Top of Task material

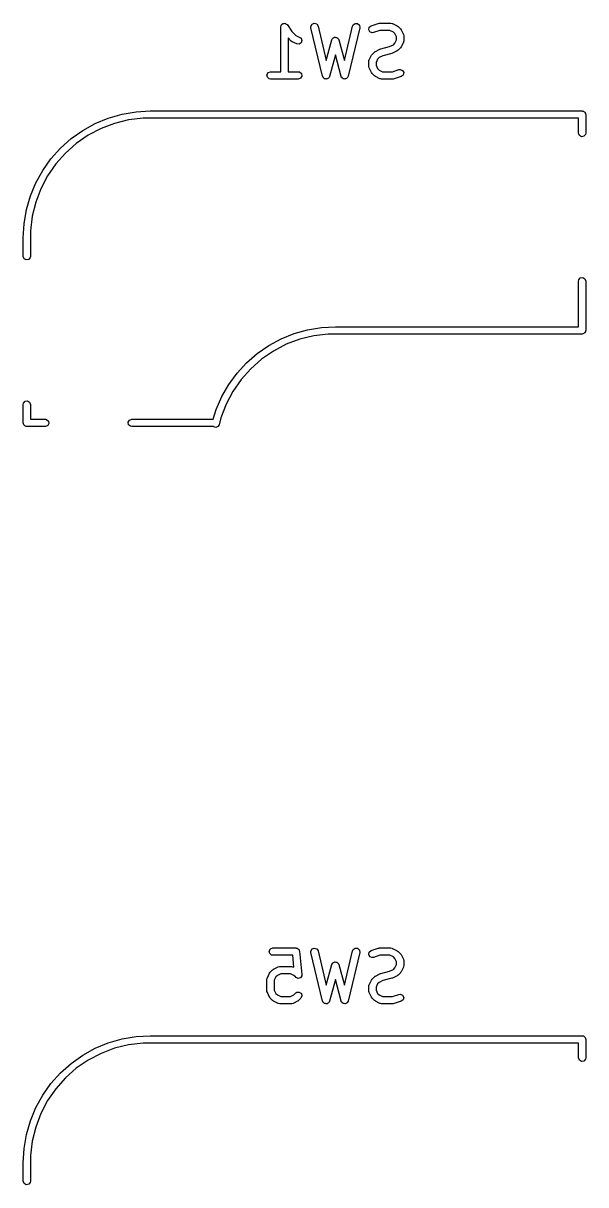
# Model space of a CAD drawing. Extents: x 96.8 to 191.9, y -145.5 to -71.1.
# Drawn here: x 103.3 to 114.88, y -102.44 to -78.51 of the extents above; entities that cross this region are included whole.
import ezdxf

# ---------------------------------------------------------------- set-up
doc = ezdxf.new("R2010")
doc.units = 0
doc.layers.add('BLACK', color=7, linetype='CONTINUOUS')

msp = doc.modelspace()

# ---------------------------------------------------------------- linework, layer by layer
at = {"layer": 'BLACK', "linetype": 'CONTINUOUS'}
for p, q in [((108.605, -78.5836), (108.61, -78.558)), ((108.605, -79.5086), (108.605, -78.5836)), ((108.61, -78.558), (108.613, -78.5547)), ((108.613, -78.5504), (108.629, -78.5353)), ((108.613, -78.5547), (108.613, -78.5504)), ((108.629, -78.5353), (108.643, -78.5187)), ((108.643, -78.5187), (108.647, -78.5179)), ((108.647, -78.5179), (108.65, -78.5149)), ((108.65, -78.5149), (108.672, -78.5135)), ((108.672, -78.5135), (108.693, -78.5098)), ((108.693, -78.5098), (108.697, -78.5119)), ((108.697, -78.5119), (108.701, -78.5116)), ((108.701, -78.5116), (108.719, -78.5245)), ((108.719, -78.5245), (108.738, -78.5354)), ((108.738, -78.5354), (108.739, -78.5395)), ((108.739, -78.5395), (108.743, -78.542)), ((108.743, -78.542), (108.834, -78.6787)), ((108.834, -78.6787), (108.915, -78.7601)), ((109.225, -78.575), (109.248, -78.5291)), ((109.226, -78.601), (109.225, -78.575)), ((109.465, -79.601), (109.226, -78.601)), ((109.248, -78.5291), (109.295, -78.5087)), ((109.295, -78.5087), (109.344, -78.5234)), ((109.344, -78.5234), (109.372, -78.5662)), ((109.372, -78.5662), (109.542, -79.2771)), ((109.914, -79.2771), (110.084, -78.5662)), ((110.23, -78.601), (109.991, -79.601)), ((110.084, -78.5662), (110.094, -78.5423)), ((110.094, -78.5423), (110.135, -78.5117)), ((110.135, -78.5117), (110.186, -78.5148)), ((110.186, -78.5148), (110.224, -78.55)), ((110.224, -78.55), (110.23, -78.601)), ((110.416, -78.6422), (110.426, -78.592)), ((110.44, -78.6874), (110.416, -78.6422)), ((110.426, -78.592), (110.466, -78.5601)), ((110.488, -78.7062), (110.44, -78.6874)), ((110.466, -78.5601), (110.609, -78.5125)), ((110.514, -78.7024), (110.488, -78.7062)), ((110.645, -78.6586), (110.514, -78.7024)), ((110.609, -78.5125), (110.631, -78.5092)), ((110.631, -78.5092), (110.633, -78.5086)), ((110.633, -78.5086), (110.871, -78.5086)), ((110.853, -78.6586), (110.645, -78.6586)), ((110.922, -78.6929), (110.853, -78.6586)), ((110.871, -78.5086), (110.897, -78.5131)), ((110.897, -78.5131), (110.9, -78.516)), ((110.9, -78.516), (110.904, -78.5165)), ((110.904, -78.5165), (111, -78.5642)), ((110.952, -78.7233), (110.922, -78.6929)), ((111, -78.5642), (111.018, -78.5775)), ((111.018, -78.5775), (111.019, -78.5782)), ((111.019, -78.5782), (111.067, -78.6258)), ((111.067, -78.6258), (111.08, -78.6442)), ((111.08, -78.6442), (111.081, -78.6453)), ((111.081, -78.6453), (111.128, -78.7406)), ((108.818, -78.8747), (108.755, -78.8123)), ((108.755, -78.8123), (108.755, -79.5086)), ((108.819, -78.8754), (108.818, -78.8747)), ((108.837, -78.8888), (108.819, -78.8754)), ((108.933, -78.9364), (108.837, -78.8888)), ((108.915, -78.7601), (109, -78.8023)), ((108.984, -78.9423), (108.933, -78.9364)), ((109.026, -78.914), (108.984, -78.9423)), ((109, -78.8023), (109.021, -78.8178)), ((109.021, -78.8178), (109.041, -78.8648)), ((109.041, -78.8648), (109.026, -78.914)), ((109.542, -79.2771), (109.656, -78.85)), ((109.656, -78.85), (109.667, -78.8264)), ((109.667, -78.8264), (109.672, -78.8224)), ((109.672, -78.8224), (109.675, -78.8162)), ((109.675, -78.8162), (109.693, -78.8081)), ((109.693, -78.8081), (109.709, -78.7969)), ((109.709, -78.7969), (109.715, -78.7975)), ((109.715, -78.7975), (109.722, -78.7946)), ((109.722, -78.7946), (109.74, -78.7997)), ((109.74, -78.7997), (109.76, -78.8013)), ((109.76, -78.8013), (109.764, -78.8062)), ((109.764, -78.8062), (109.771, -78.8079)), ((109.771, -78.8079), (109.782, -78.8238)), ((109.782, -78.8238), (109.796, -78.8376)), ((109.796, -78.8376), (109.797, -78.8444)), ((109.797, -78.8444), (109.8, -78.85)), ((109.8, -78.85), (109.914, -79.2771)), ((110.845, -78.989), (110.922, -78.9506)), ((110.922, -78.9506), (110.952, -78.9201)), ((110.986, -78.7918), (110.952, -78.7233)), ((110.952, -78.9201), (110.986, -78.8516)), ((110.986, -78.8516), (110.986, -78.7918)), ((111.128, -78.9029), (111.081, -78.9981)), ((111.128, -78.7406), (111.136, -78.7655)), ((111.129, -78.8984), (111.128, -78.9029)), ((111.132, -78.895), (111.129, -78.8984)), ((111.136, -78.8693), (111.132, -78.895)), ((111.136, -78.7655), (111.135, -78.7699)), ((111.135, -78.7699), (111.136, -78.7741)), ((111.136, -78.7741), (111.136, -78.8693)), ((109.728, -79.1604), (109.61, -79.6029)), ((109.846, -79.6029), (109.728, -79.1604)), ((110.423, -79.2644), (110.47, -79.1691)), ((110.47, -79.1691), (110.484, -79.1511)), ((110.484, -79.1496), (110.532, -79.102)), ((110.484, -79.1511), (110.484, -79.1496)), ((110.532, -79.102), (110.55, -79.0892)), ((110.55, -79.0892), (110.552, -79.088)), ((110.552, -79.088), (110.647, -79.0403)), ((110.707, -79.1782), (110.63, -79.2167)), ((110.647, -79.0403), (110.659, -79.0367)), ((110.659, -79.0367), (110.662, -79.0347)), ((110.662, -79.0347), (110.845, -78.989)), ((110.889, -79.1326), (110.707, -79.1782)), ((110.892, -79.1306), (110.889, -79.1326)), ((110.904, -79.1269), (110.892, -79.1306)), ((111, -79.0793), (110.904, -79.1269)), ((111.001, -79.0781), (111, -79.0793)), ((111.019, -79.0652), (111.001, -79.0781)), ((111.067, -79.0176), (111.019, -79.0652)), ((111.081, -78.9981), (111.067, -79.0161)), ((111.067, -79.0161), (111.067, -79.0176)), ((110.415, -79.2979), (110.419, -79.2723)), ((110.415, -79.3931), (110.415, -79.2979)), ((110.416, -79.3974), (110.415, -79.3931)), ((110.415, -79.4017), (110.416, -79.3974)), ((110.423, -79.4267), (110.415, -79.4017)), ((110.419, -79.2723), (110.422, -79.2688)), ((110.422, -79.2688), (110.423, -79.2644)), ((110.47, -79.5219), (110.423, -79.4267)), ((110.599, -79.2471), (110.565, -79.3156)), ((110.565, -79.3156), (110.565, -79.3754)), ((110.565, -79.3754), (110.599, -79.444)), ((110.63, -79.2167), (110.599, -79.2471)), ((108.321, -79.5706), (108.346, -79.5262)), ((108.33, -79.6211), (108.321, -79.5706)), ((108.369, -79.6541), (108.33, -79.6211)), ((108.346, -79.5262), (108.395, -79.5086)), ((108.395, -79.6586), (108.369, -79.6541)), ((108.395, -79.5086), (108.605, -79.5086)), ((108.966, -79.6586), (108.395, -79.6586)), ((108.755, -79.5086), (108.966, -79.5086)), ((108.966, -79.5086), (108.992, -79.5131)), ((109.014, -79.6411), (108.966, -79.6586)), ((108.992, -79.5131), (109.031, -79.5461)), ((109.04, -79.5966), (109.014, -79.6411)), ((109.031, -79.5461), (109.04, -79.5966)), ((109.469, -79.6076), (109.465, -79.601)), ((109.47, -79.6154), (109.469, -79.6076)), ((109.483, -79.6284), (109.47, -79.6154)), ((109.493, -79.6438), (109.483, -79.6284)), ((109.5, -79.6461), (109.493, -79.6438)), ((109.506, -79.6516), (109.5, -79.6461)), ((109.524, -79.6532), (109.506, -79.6516)), ((109.542, -79.6585), (109.524, -79.6532)), ((109.549, -79.6554), (109.542, -79.6585)), ((109.557, -79.656), (109.549, -79.6554)), ((109.572, -79.6454), (109.557, -79.656)), ((109.589, -79.6381), (109.572, -79.6454)), ((109.593, -79.6311), (109.589, -79.6381)), ((109.599, -79.6266), (109.593, -79.6311)), ((109.61, -79.6029), (109.599, -79.6266)), ((109.851, -79.6094), (109.846, -79.6029)), ((109.851, -79.6172), (109.851, -79.6094)), ((109.865, -79.6299), (109.851, -79.6172)), ((109.875, -79.645), (109.865, -79.6299)), ((109.883, -79.647), (109.875, -79.645)), ((109.889, -79.6525), (109.883, -79.647)), ((109.907, -79.6535), (109.889, -79.6525)), ((109.925, -79.6583), (109.907, -79.6535)), ((109.932, -79.655), (109.925, -79.6583)), ((109.94, -79.6555), (109.932, -79.655)), ((109.955, -79.6445), (109.94, -79.6555)), ((109.971, -79.6367), (109.955, -79.6445)), ((109.975, -79.6296), (109.971, -79.6367)), ((109.981, -79.6249), (109.975, -79.6296)), ((109.991, -79.601), (109.981, -79.6249)), ((110.472, -79.523), (110.47, -79.5219)), ((110.484, -79.5414), (110.472, -79.523)), ((110.532, -79.589), (110.484, -79.5414)), ((110.534, -79.5897), (110.532, -79.589)), ((110.552, -79.6031), (110.534, -79.5897)), ((110.647, -79.6507), (110.552, -79.6031)), ((110.599, -79.444), (110.63, -79.4744)), ((110.63, -79.4744), (110.698, -79.5086)), ((110.651, -79.6512), (110.647, -79.6507)), ((110.655, -79.6541), (110.651, -79.6512)), ((110.68, -79.6586), (110.655, -79.6541)), ((110.918, -79.6586), (110.68, -79.6586)), ((110.698, -79.5086), (110.906, -79.5086)), ((110.906, -79.5086), (111.038, -79.4648)), ((110.92, -79.6581), (110.918, -79.6586)), ((110.942, -79.6548), (110.92, -79.6581)), ((111.085, -79.6072), (110.942, -79.6548)), ((111.038, -79.4648), (111.063, -79.461)), ((111.063, -79.461), (111.111, -79.4799)), ((111.125, -79.5753), (111.085, -79.6072)), ((111.111, -79.4799), (111.136, -79.525)), ((111.136, -79.525), (111.125, -79.5753)), ((105.054, -80.4627), (105.336, -80.3816)), ((105.336, -80.3816), (105.625, -80.3324)), ((105.625, -80.3324), (105.918, -80.316)), ((105.918, -80.316), (114.808, -80.316)), ((114.808, -80.316), (114.818, -80.3177)), ((114.818, -80.3177), (114.821, -80.3171)), ((114.821, -80.3171), (114.824, -80.3188)), ((114.824, -80.3188), (114.834, -80.3205)), ((114.834, -80.3205), (114.849, -80.333)), ((114.849, -80.333), (114.865, -80.3428)), ((114.865, -80.3428), (114.868, -80.3491)), ((114.868, -80.3491), (114.873, -80.3535)), ((114.873, -80.3535), (114.876, -80.3727)), ((114.876, -80.3727), (114.883, -80.391)), ((114.883, -80.391), (114.883, -80.772)), ((104.527, -80.7168), (104.783, -80.575)), ((104.783, -80.575), (105.054, -80.4627)), ((105.183, -80.5733), (104.904, -80.6791)), ((105.473, -80.5019), (105.183, -80.5733)), ((105.769, -80.466), (105.473, -80.5019)), ((105.918, -80.466), (105.769, -80.466)), ((114.733, -80.466), (105.918, -80.466)), ((114.733, -80.772), (114.733, -80.466)), ((104.288, -80.8865), (104.527, -80.7168)), ((104.64, -80.8176), (104.395, -80.987)), ((104.904, -80.6791), (104.64, -80.8176)), ((114.751, -80.8202), (114.733, -80.772)), ((114.795, -80.8459), (114.751, -80.8202)), ((114.846, -80.837), (114.795, -80.8459)), ((114.878, -80.7977), (114.846, -80.837)), ((114.883, -80.772), (114.878, -80.7977)), ((103.874, -81.3006), (104.069, -81.0819)), ((104.069, -81.0819), (104.288, -80.8865)), ((104.395, -80.987), (104.172, -81.1848)), ((103.704, -81.5397), (103.874, -81.3006)), ((104.172, -81.1848), (103.974, -81.408)), ((103.562, -81.7964), (103.704, -81.5397)), ((103.974, -81.408), (103.805, -81.6534)), ((103.45, -82.0673), (103.562, -81.7964)), ((103.805, -81.6534), (103.666, -81.9175)), ((103.369, -82.3491), (103.45, -82.0673)), ((103.666, -81.9175), (103.56, -82.1963)), ((103.56, -82.1963), (103.489, -82.4859)), ((103.319, -82.6382), (103.369, -82.3491)), ((103.489, -82.4859), (103.453, -82.7819)), ((103.303, -82.931), (103.319, -82.6382)), ((103.453, -82.7819), (103.453, -82.931)), ((103.303, -83.312), (103.303, -82.931)), ((103.453, -82.931), (103.453, -83.312)), ((103.321, -83.3602), (103.303, -83.312)), ((103.365, -83.3859), (103.321, -83.3602)), ((103.415, -83.377), (103.365, -83.3859)), ((103.448, -83.3377), (103.415, -83.377)), ((103.453, -83.312), (103.448, -83.3377)), ((114.733, -83.82), (114.738, -83.7943)), ((114.733, -84.761), (114.733, -83.82)), ((114.738, -83.7943), (114.77, -83.755)), ((114.77, -83.755), (114.821, -83.7461)), ((114.821, -83.7461), (114.865, -83.7718)), ((114.865, -83.7718), (114.883, -83.82)), ((114.883, -83.82), (114.883, -84.836)), ((108.61, -85.0122), (108.877, -84.9033)), ((108.877, -84.9033), (109.155, -84.8246)), ((109.155, -84.8246), (109.44, -84.7769)), ((109.579, -84.911), (109.284, -84.9467)), ((109.44, -84.7769), (109.728, -84.761)), ((109.728, -84.911), (109.579, -84.911)), ((109.728, -84.761), (109.728, -84.761)), ((109.728, -84.761), (114.733, -84.761)), ((114.808, -84.911), (109.728, -84.911)), ((109.728, -84.911), (109.728, -84.911)), ((114.826, -84.9043), (114.808, -84.911)), ((114.846, -84.901), (114.826, -84.9043)), ((114.85, -84.8958), (114.846, -84.901)), ((114.856, -84.8935), (114.85, -84.8958)), ((114.866, -84.8766), (114.856, -84.8935)), ((114.878, -84.8617), (114.866, -84.8766)), ((114.88, -84.8519), (114.878, -84.8617)), ((114.882, -84.849), (114.88, -84.8519)), ((114.883, -84.836), (114.881, -84.8457)), ((114.881, -84.8457), (114.882, -84.849)), ((108.119, -85.3148), (108.356, -85.15)), ((108.356, -85.15), (108.61, -85.0122)), ((108.717, -85.123), (108.453, -85.2609)), ((108.995, -85.0178), (108.717, -85.123)), ((109.284, -84.9467), (108.995, -85.0178)), ((107.901, -85.5049), (108.119, -85.3148)), ((108.453, -85.2609), (108.208, -85.4295)), ((107.706, -85.7177), (107.901, -85.5049)), ((107.985, -85.6264), (107.787, -85.8486)), ((108.208, -85.4295), (107.985, -85.6264)), ((107.536, -85.9507), (107.706, -85.7177)), ((107.787, -85.8486), (107.618, -86.093)), ((107.392, -86.2012), (107.536, -85.9507)), ((107.618, -86.093), (107.479, -86.356)), ((103.303, -86.36), (103.308, -86.3343)), ((103.303, -86.741), (103.303, -86.36)), ((103.308, -86.3343), (103.34, -86.295)), ((103.34, -86.295), (103.391, -86.2861)), ((103.391, -86.2861), (103.435, -86.3118)), ((103.435, -86.3118), (103.453, -86.36)), ((103.453, -86.36), (103.453, -86.666)), ((107.276, -86.4659), (107.392, -86.2012)), ((107.479, -86.356), (107.373, -86.6339)), ((107.215, -86.666), (107.276, -86.4659)), ((103.31, -86.7593), (103.303, -86.741)), ((103.313, -86.7785), (103.31, -86.7593)), ((103.318, -86.7828), (103.313, -86.7785)), ((103.321, -86.7892), (103.318, -86.7828)), ((103.337, -86.799), (103.321, -86.7892)), ((103.352, -86.8115), (103.337, -86.799)), ((103.362, -86.8132), (103.352, -86.8115)), ((103.365, -86.8149), (103.362, -86.8132)), ((103.368, -86.8143), (103.365, -86.8149)), ((103.378, -86.816), (103.368, -86.8143)), ((103.759, -86.816), (103.378, -86.816)), ((103.453, -86.666), (103.759, -86.666)), ((103.759, -86.666), (103.785, -86.6705)), ((103.807, -86.7985), (103.759, -86.816)), ((103.785, -86.6705), (103.824, -86.7035)), ((103.833, -86.754), (103.807, -86.7985)), ((103.824, -86.7035), (103.833, -86.754)), ((105.463, -86.728), (105.489, -86.6835)), ((105.472, -86.7785), (105.463, -86.728)), ((105.511, -86.8115), (105.472, -86.7785)), ((105.489, -86.6835), (105.537, -86.666)), ((105.537, -86.816), (105.511, -86.8115)), ((105.537, -86.666), (107.215, -86.666)), ((107.218, -86.816), (105.537, -86.816)), ((107.224, -86.8235), (107.218, -86.816)), ((107.269, -86.8348), (107.224, -86.8235)), ((107.312, -86.8174), (107.269, -86.8348)), ((107.337, -86.7781), (107.312, -86.8174)), ((107.373, -86.6339), (107.337, -86.7781)), ((107.337, -86.7781), (107.337, -86.7781)), ((108.368, -97.6206), (108.394, -97.5762)), ((108.377, -97.6711), (108.368, -97.6206)), ((108.394, -97.5762), (108.442, -97.5586)), ((108.442, -97.5586), (108.918, -97.5586)), ((108.918, -97.5586), (108.922, -97.5593)), ((108.922, -97.5593), (108.924, -97.5588)), ((108.924, -97.5588), (108.927, -97.5601)), ((108.927, -97.5601), (108.944, -97.5631)), ((108.944, -97.5631), (108.956, -97.5734)), ((108.956, -97.5734), (108.971, -97.5799)), ((108.971, -97.5799), (108.975, -97.5894)), ((108.975, -97.5894), (108.983, -97.5961)), ((108.983, -97.5961), (108.986, -97.6118)), ((108.986, -97.6118), (108.993, -97.6262)), ((109.225, -97.625), (109.248, -97.5791)), ((109.248, -97.5791), (109.295, -97.5587)), ((109.295, -97.5587), (109.344, -97.5734)), ((109.344, -97.5734), (109.372, -97.6162)), ((109.372, -97.6162), (109.542, -98.3271)), ((109.914, -98.3271), (110.084, -97.6162)), ((110.084, -97.6162), (110.094, -97.5923)), ((110.094, -97.5923), (110.135, -97.5617)), ((110.135, -97.5617), (110.186, -97.5648)), ((110.186, -97.5648), (110.224, -97.6)), ((110.224, -97.6), (110.23, -97.651)), ((110.426, -97.642), (110.466, -97.6101)), ((110.466, -97.6101), (110.609, -97.5625)), ((110.609, -97.5625), (110.631, -97.5592)), ((110.631, -97.5592), (110.633, -97.5586)), ((110.633, -97.5586), (110.871, -97.5586)), ((110.871, -97.5586), (110.897, -97.5631)), ((110.897, -97.5631), (110.9, -97.566)), ((110.9, -97.566), (110.904, -97.5665)), ((110.904, -97.5665), (111, -97.6142)), ((111, -97.6142), (111.018, -97.6275)), ((108.417, -97.7041), (108.377, -97.6711)), ((108.442, -97.7086), (108.417, -97.7041)), ((108.851, -97.7086), (108.442, -97.7086)), ((108.875, -97.9568), (108.851, -97.7086)), ((108.993, -97.6262), (109.041, -98.1023)), ((109.226, -97.651), (109.225, -97.625)), ((109.465, -98.651), (109.226, -97.651)), ((109.675, -97.8662), (109.693, -97.8581)), ((109.693, -97.8581), (109.709, -97.8469)), ((109.709, -97.8469), (109.715, -97.8475)), ((109.715, -97.8475), (109.722, -97.8446)), ((109.722, -97.8446), (109.74, -97.8497)), ((109.74, -97.8497), (109.76, -97.8513)), ((109.76, -97.8513), (109.764, -97.8562)), ((109.764, -97.8562), (109.771, -97.8579)), ((109.771, -97.8579), (109.782, -97.8738)), ((110.23, -97.651), (109.991, -98.651)), ((110.416, -97.6922), (110.426, -97.642)), ((110.44, -97.7374), (110.416, -97.6922)), ((110.488, -97.7562), (110.44, -97.7374)), ((110.514, -97.7524), (110.488, -97.7562)), ((110.645, -97.7086), (110.514, -97.7524)), ((110.853, -97.7086), (110.645, -97.7086)), ((110.922, -97.7429), (110.853, -97.7086)), ((110.952, -97.7733), (110.922, -97.7429)), ((110.986, -97.8418), (110.952, -97.7733)), ((110.986, -97.9016), (110.986, -97.8418)), ((111.018, -97.6275), (111.019, -97.6282)), ((111.019, -97.6282), (111.067, -97.6758)), ((111.067, -97.6758), (111.08, -97.6942)), ((111.08, -97.6942), (111.081, -97.6953)), ((111.081, -97.6953), (111.128, -97.7906)), ((111.128, -97.7906), (111.136, -97.8155)), ((111.136, -97.8155), (111.135, -97.8199)), ((111.135, -97.8199), (111.136, -97.8241)), ((111.136, -97.8241), (111.136, -97.9193)), ((108.328, -98.1715), (108.375, -98.0763)), ((108.375, -98.0763), (108.389, -98.0583)), ((108.389, -98.0568), (108.437, -98.0092)), ((108.389, -98.0583), (108.389, -98.0568)), ((108.437, -98.0092), (108.455, -97.9963)), ((108.455, -97.9963), (108.456, -97.9951)), ((108.456, -97.9951), (108.552, -97.9475)), ((108.603, -98.0896), (108.534, -98.1238)), ((108.552, -97.9475), (108.577, -97.9401)), ((108.577, -97.9401), (108.581, -97.9411)), ((108.581, -97.9411), (108.585, -97.9396)), ((108.585, -97.9396), (108.823, -97.9396)), ((108.806, -98.0896), (108.603, -98.0896)), ((108.874, -98.1238), (108.806, -98.0896)), ((108.823, -97.9396), (108.849, -97.9441)), ((108.849, -97.9441), (108.852, -97.947)), ((108.852, -97.947), (108.857, -97.9475)), ((108.857, -97.9475), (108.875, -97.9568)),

Bottom of Task material

What you are asked to do: Copy whichever lines in the listing above contain the word "BLACK".

Solution:
doc.layers.add('BLACK', color=7, linetype='CONTINUOUS')
at = {"layer": 'BLACK', "linetype": 'CONTINUOUS'}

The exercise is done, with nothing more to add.